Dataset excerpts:
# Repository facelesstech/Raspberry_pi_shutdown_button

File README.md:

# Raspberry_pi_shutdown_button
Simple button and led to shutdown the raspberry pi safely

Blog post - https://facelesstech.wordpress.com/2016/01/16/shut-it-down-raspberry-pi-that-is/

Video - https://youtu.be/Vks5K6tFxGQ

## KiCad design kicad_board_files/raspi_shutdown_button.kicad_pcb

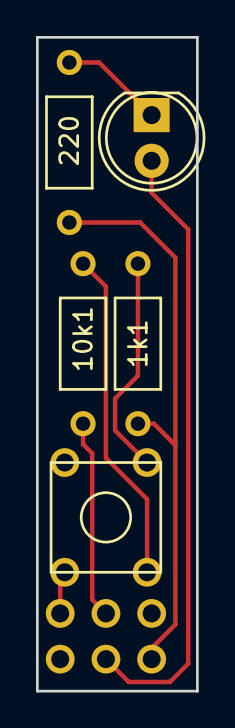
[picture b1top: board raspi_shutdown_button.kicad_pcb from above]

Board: 2 copper layers, 8.9 x 36.3 mm, 6 parts (0 on the bottom side), 6 nets.

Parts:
1k1, 10k1, 220: R; Resistor_Horizontal_RM9mm
D1: LED; LED-5MM
SW1: SW_PUSH; button_long_custom
U1: raspi_button_GPIO

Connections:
unnamed: 1k1.2, U1.3
unnamed: 10k1.1, 220.2, U1.2
unnamed: 1k1.1, 10k1.2, SW1.1
unnamed: 220.1, D1.1
unnamed: D1.2, U1.4
unnamed: SW1.2, U1.1

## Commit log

2015-12-09 rev A untested, Awaiting board from the fab
2015-12-09 python script you will need to work with the button
2016-01-16 added video and blog post links
2016-09-24 Added board files

** Your task **
What the answer must hold: all the data above, given again exactly, without pictures.

** Answer **
# Repository facelesstech/Raspberry_pi_shutdown_button

File README.md:

# Raspberry_pi_shutdown_button
Simple button and led to shutdown the raspberry pi safely

Blog post - https://facelesstech.wordpress.com/2016/01/16/shut-it-down-raspberry-pi-that-is/

Video - https://youtu.be/Vks5K6tFxGQ

## KiCad design kicad_board_files/raspi_shutdown_button.kicad_pcb

[picture b1top: board raspi_shutdown_button.kicad_pcb from above]

Board: 2 copper layers, 8.9 x 36.3 mm, 6 parts (0 on the bottom side), 6 nets.

Parts:
1k1, 10k1, 220: R; Resistor_Horizontal_RM9mm
D1: LED; LED-5MM
SW1: SW_PUSH; button_long_custom
U1: raspi_button_GPIO

Connections:
unnamed: 1k1.2, U1.3
unnamed: 10k1.1, 220.2, U1.2
unnamed: 1k1.1, 10k1.2, SW1.1
unnamed: 220.1, D1.1
unnamed: D1.2, U1.4
unnamed: SW1.2, U1.1

## Commit log

2015-12-09 rev A untested, Awaiting board from the fab
2015-12-09 python script you will need to work with the button
2016-01-16 added video and blog post links
2016-09-24 Added board files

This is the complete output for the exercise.